Every now and then, one runs into something he or she would not have expected. This was recently the case for me, and since it turned out to a typical case of RTFM, I thought I'd share it with the rest ;-)

I had not used entity groups a lot in the past, but I recently ran into a situation where they would have been useful (I wanted to write several objects in one transaction). Everything seemed to work just fine -- until I tried to retrieve the objects from the store. The following script reproduces what happened to me:

import os
from google.appengine.api import datastore_file_stub
from google.appengine.api import apiproxy_stub_map
from google.appengine.ext import db

class TestModel(db.Model):
text = db.StringProperty()

# Set up an in-memory db store
os.environ['APPLICATION_ID'] = 'test'
stub = datastore_file_stub.DatastoreFileStub('test', None, None)
apiproxy_stub_map.apiproxy.RegisterStub('datastore_v3', stub)

# Store a model without parent in the db
model1 = TestModel(key_name='the key', text='t1')
key = model1.put()
assert 't1' == TestModel.get(key).text
assert 't1' == TestModel.get_by_key_name('the key').text

# Store a second model with the same key_name,
# but with a parent
parent = TestModel().put()
model2 = TestModel(parent=parent, key_name='the key', text='t2')
key = model2.put()
assert 't2' == TestModel.get(key).text
assert 't2' == TestModel.get_by_key_name('the key').text,\
'Text is %s' % TestModel.get_by_key_name('the key').text


The very last line of this script fails. Here is the error that
it produces:

Traceback (most recent call last):
File "keytest.py", line 27, in <module>
'Text is %s' % TestModel.get_by_key_name('the key').text
AssertionError: Text is t1


What exactly had gone wrong? Why did the second model not overwrite the first one? The answer to this question can be found in the documentation:

The keys of two different entities can have similar parts as long as at least one part is different. For instance, two entities can have the same kind and name if they have different parents. Similarly, two entities can have the same parent (or no parent) and name if they are of different kinds.


In other words, just because I specify a key_name in a model's constructor, does not necessarily mean that I can look this model up with get_by_key_name -- at least if I do not know the parent. Like in this example, there can be several independent entities that all have the key as key but are not the same.

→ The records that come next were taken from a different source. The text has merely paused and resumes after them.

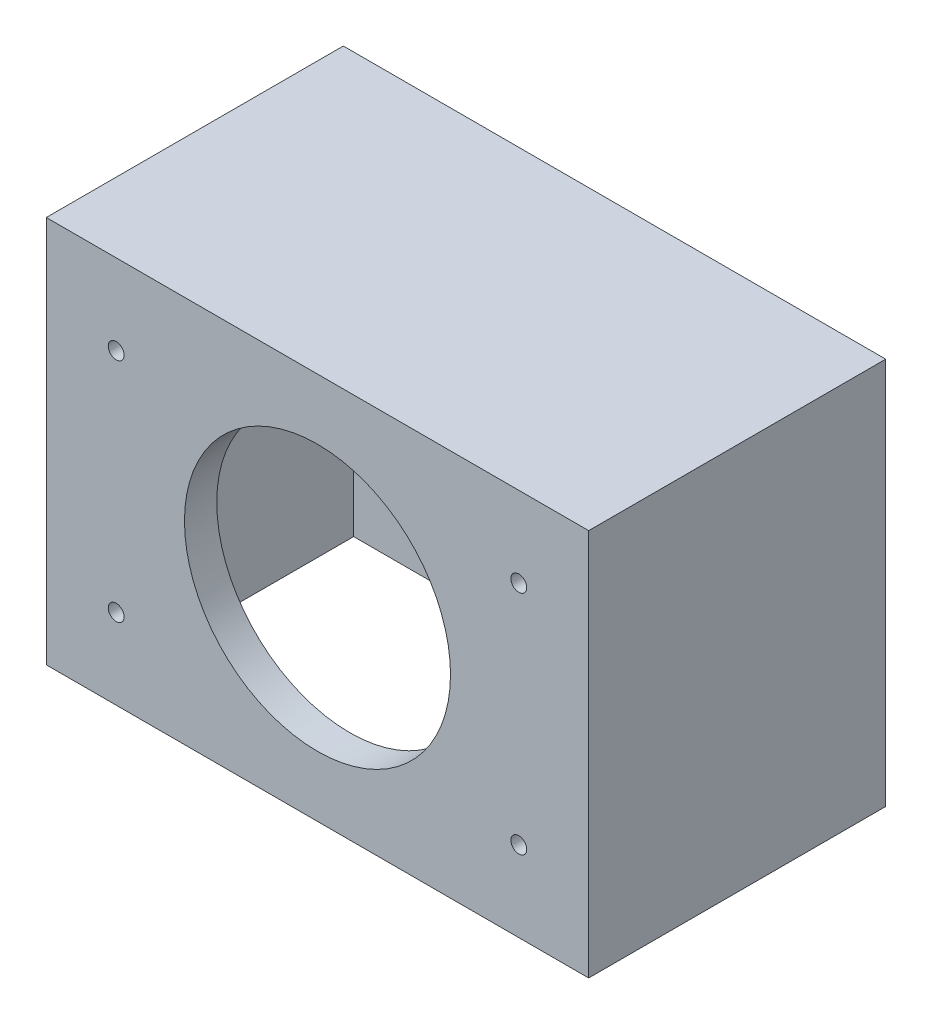
SolidWorks part; units mm, degrees
ref_plane "Front Plane" through (0, 0, 0) normal (0, 0, 1) x (1, 0, 0)
ref_plane "Top Plane" through (0, 0, 0) normal (0, 1, 0) x (1, 0, 0)
ref_plane "Right Plane" through (0, 0, 0) normal (1, 0, 0) x (0, 0, -1)
sketch "Sketch1" plane through (0, 0, 0) normal (0, 0, 1) x (1, 0, 0)
  line L1 (105, -75) -> (-105, -75)
  line L2 (105, -75) -> (105, 75)
  line L3 (105, 75) -> (-105, 75)
  line L4 (-105, -75) -> (-105, 75)
  line L5 (105, -75) -> (-105, 75) construction
  line L6 (105, 75) -> (-105, -75) construction
  point P0 (0, 0)
  dimension "D1" = 150
  dimension "D2" = 210
extrude "Boss-Extrude1" add sketch "Sketch1" along normal blind 115 contours L3 L4 L1 L2
sketch "Sketch3" plane through (0, -75, 0) normal (0, -1, 0) x (1, 0, 0)
  line L0 (0, 0) -> (0, 89.8335) construction
  line L1 (105, 0) -> (-105, 0) construction
  line L2 (105, 57.5) -> (-105, 57.5) construction
  line L3 (105, 115) -> (105, 0) construction
  line L4 (-105, 115) -> (-105, 0) construction
  line L6 (88.4868, 12.5) -> (-88.4868, 12.5)
  line L7 (88.4868, 12.5) -> (88.4868, 102.5)
  line L8 (88.4868, 102.5) -> (-88.4868, 102.5)
  line L9 (-88.4868, 12.5) -> (-88.4868, 102.5)
  line L10 (88.4868, 12.5) -> (-88.4868, 102.5) construction
  line L11 (88.4868, 102.5) -> (-88.4868, 12.5) construction
  point P10 (0, 57.5)
  dimension "D1" = 90
extrude "Cut-Extrude1" cut sketch "Sketch3" against normal blind 129
sketch "Sketch4" plane through (0, 0, 115) normal (0, 0, 1) x (1, 0, 0)
  line L0 (0, 0) -> (0, 67.172) construction
  line L1 (0, 0) -> (70.2154, 0) construction
  line L2 (0, 0) -> (-50.216, 0) construction
  line L3 (0, 0) -> (0, -30.4339) construction
  line L4 (0, 0) -> (77.9423, 43.8748) construction
  circle A0 centre (77.9423, 43.8748) radius 3.0725
  circle A1 centre (-77.9423, 43.8748) radius 3.0725
  circle A2 centre (-77.9423, -43.8748) radius 3.0725
  circle A3 centre (77.9423, -43.8748) radius 3.0725
  dimension "D1" = 6.145
extrude "Cut-Extrude2" cut sketch "Sketch4" against normal up to next
sketch "Sketch5" plane through (0, 0, 115) normal (0, 0, 1) x (1, 0, 0)
  circle A0 centre (0, 0) radius 51.5
extrude "Cut-Extrude3" cut sketch "Sketch5" against normal up to next

One can (and probably should) use the key name for fast lookup (it certainly beats GQL where available), but know that if we choose to do so, this might limit some of our flexibility in partitioning the data using ancestors.

In retrospect, I probably should have known. App Engine is by far not the first store that got me into trouble for using the ids for more than they were intended to (in a "past life", I had an experience not unlike in this Hibernate article). I guess it's true: Those who do not remember their past are condemned to repeat their mistakes.

PS: This also means that the gae-sqlite project is going to need a schema overhaul at some point, since my store currently discards the entity group entirely...

1 comments:

Arachnid said...

Yup, a key (as opposed to a key name or ID) is an ordered list of (kind, id_or_name) tuples. You can look up an entity 'by name' or 'by 'id' only if you know all the ids or names in the path.

And as far as gae-sqlite goes, you can continue to throw away the entity group part of the protobuf, as long as you're retaining the entirety of the key. As it stands, the entity group will always be the first tuple of the key.